Essay
Nadal, el último rebelde
COLUMN/COLUMNA

Nadal, el último rebelde

Andrés Ortiz Moyano

No he jugado al tenis en toda mi vida. La verdad, nunca me ha interesado lo más mínimo. De hecho, jamás he visto un partido completo por la tele y nunca comprendí, por más que me lo hayan explicado mis desesperados amigos, su endiablado sistema de puntuación. ¿40 a 15? ¿0 a 30? ¿”Advantach”? A mí escuchar la palabra “draif” me suena a utilitario barato; y un “taibreik” a nombre de restaurante tailandés peleón.

Pero el tenis posee algo, no obstante, que en efecto le reconozco: creo que es el deporte más épico en lo que a puesta en escena se refiere. Y es que, creo, es el único deporte popular en el que se enfrentan, cara a cara, dos pistoleros bajo el sol; es un duelo de samuráis, una justa entre caballeros medievales del que sólo puede quedar uno. El cine de Sergio Leone es tenis puro; los libros de caballería medievales juegan en la ATP. En otros deportes, el individualismo, el humanismo y la genuinidad del talento se diluyen en beneficio del siempre más mediocre y cobarde grupo. Además, por si fuera poco, tampoco es posible el empate o las tablas, pues hasta que uno de los dos contendientes no hinque la rodilla, no ha final; así revientes sobre la tierra, la hierba o la pista… Cara o cruz, pulgar cesarino arriba o pulgar cesarino abajo, vives o mueres… ¡La vida misma, caramba!

Y en esa exhibición de bushido con raquetas, donde el romance se escribe a base de palazos, se alza como ningún otro héroe el coloso Rafael Nadal. Un genio, un titán, una fuerza de la naturaleza que acaba de lograr su vigesimosegundo “graneslam”, que explican los entendidos que ganar solo uno es tan prestigioso como un premio Oscar, el Mundial de Fútbol o que la declaración de la renta te salga a devolver. Pero es que Nadal, este Amadís de Gaula, suma en Roland Garros, el torneo gabacho, la friolera de 14 triunfos en 17 participaciones. Nadal, no les descubro nada nuevo, es para el mundo y en especial para cualquier español de bien (esto es, ningún nacionalista supremacista) un ejemplo y un orgullo. Pero no por sus extraordinarios números y estadísticas que lo aúpan, por qué no, al altar de los mayores y mejores deportistas de todos los tiempos. No, los torneos y los “graneslams” me importan un bledo; lo realmente bueno de este Tirante el Blanco es que es un puñetero héroe que campea victorioso, justo en la época más desapasionada, cínica, descreída y cateta de la historia de la humanidad.
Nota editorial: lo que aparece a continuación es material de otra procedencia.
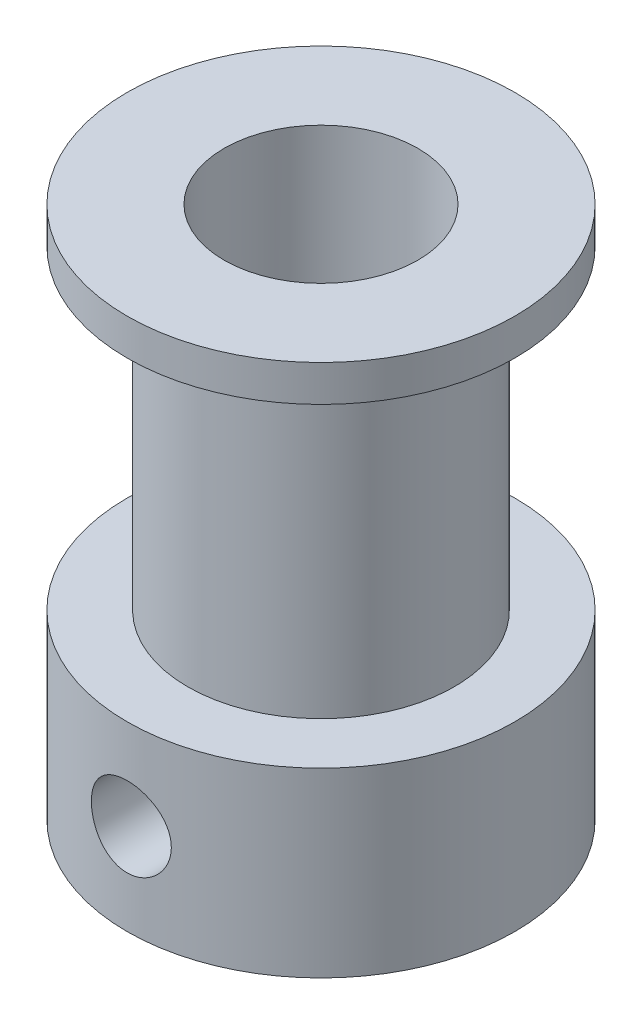
from build123d import *

# Parameters (mm, degrees)
CROQUIS1_R              = 8
SALIENTE_EXTRUIR1_DEPTH = 7.5
CROQUIS2_R              = 5.5
SALIENTE_EXTRUIR2_DEPTH = 13
CROQUIS3_R              = 8
SALIENTE_EXTRUIR3_DEPTH = 1.5
CROQUIS4_R              = 4
CORTAR_EXTRUIR1_DEPTH   = 23
CROQUIS6_W              = 1.65
CROQUIS6_H              = 8.001
MATRIZC1_COUNT          = 2
MATRIZC1_ANGLE          = 90


with BuildPart() as part:
    # Croquis1 → Saliente-Extruir1 (new body)
    with BuildSketch(Plane(origin=(0, 0, 0), x_dir=(1, 0, 0), z_dir=(0, 1, 0))):
        Circle(CROQUIS1_R)
    extrude(amount=SALIENTE_EXTRUIR1_DEPTH)

    # Croquis2 → Saliente-Extruir2 (add)
    with BuildSketch(Plane(origin=(0, 7.5, 0), x_dir=(1, 0, 0), z_dir=(0, 1, 0))):
        Circle(CROQUIS2_R)
    extrude(amount=SALIENTE_EXTRUIR2_DEPTH)

    # Croquis3 → Saliente-Extruir3 (add)
    with BuildSketch(Plane(origin=(0, 20.5, 0), x_dir=(1, 0, 0), z_dir=(0, 1, 0))):
        Circle(CROQUIS3_R)
    extrude(amount=SALIENTE_EXTRUIR3_DEPTH)

    # Croquis4 → Cortar-Extruir1 (cut, through all)
    with BuildSketch(Plane(origin=(0, 22, 0), x_dir=(1, 0, 0), z_dir=(0, 1, 0))):
        Circle(CROQUIS4_R)
    extrude(amount=-CORTAR_EXTRUIR1_DEPTH, mode=Mode.SUBTRACT)

    # Croquis6 → Taladro roscado M41 (falta definir posicio) (revolve, cut)
    with BuildSketch(Plane(origin=(0, 3.75, 0), x_dir=(0, 1, 0), z_dir=(1, 0, 0))):
        with Locations((0.825, 4.0005)):
            Rectangle(CROQUIS6_W, CROQUIS6_H)
    taladro_roscado_m41_falta_definir_posic = revolve(axis=Axis((0, 3.75, -6.35), (0, 0, 1)), mode=Mode.SUBTRACT)

    # MatrizC1: Taladro roscado M41 (falta definir posicio) ×2 about axis
    matrizc1_axis = Axis((0, 7.5, 0), (0, -1, 0))
    for i in range(1, MATRIZC1_COUNT):
        add(taladro_roscado_m41_falta_definir_posic.rotate(matrizc1_axis, i * MATRIZC1_ANGLE / (MATRIZC1_COUNT - 1)), mode=Mode.SUBTRACT)


solid = part.part

De Nadal, échenle un ojo a cualquier diario digital estos días tras su proeza del otro día en París, se destacan tanto sus virtudes tenísticas como su propia personalidad. Es un tipo discreto, pero con fuerte personalidad y firmes convicciones; tan huracanado en la pista como respetuoso en cualquier declaración; educado, coherente y con una vida privada tan ejemplar que sólo sabemos de ella que su novia es la de toda la vida. ¡Maldita sea, si hasta los franceses, que detestan todo lo español, le han erigido una estatua!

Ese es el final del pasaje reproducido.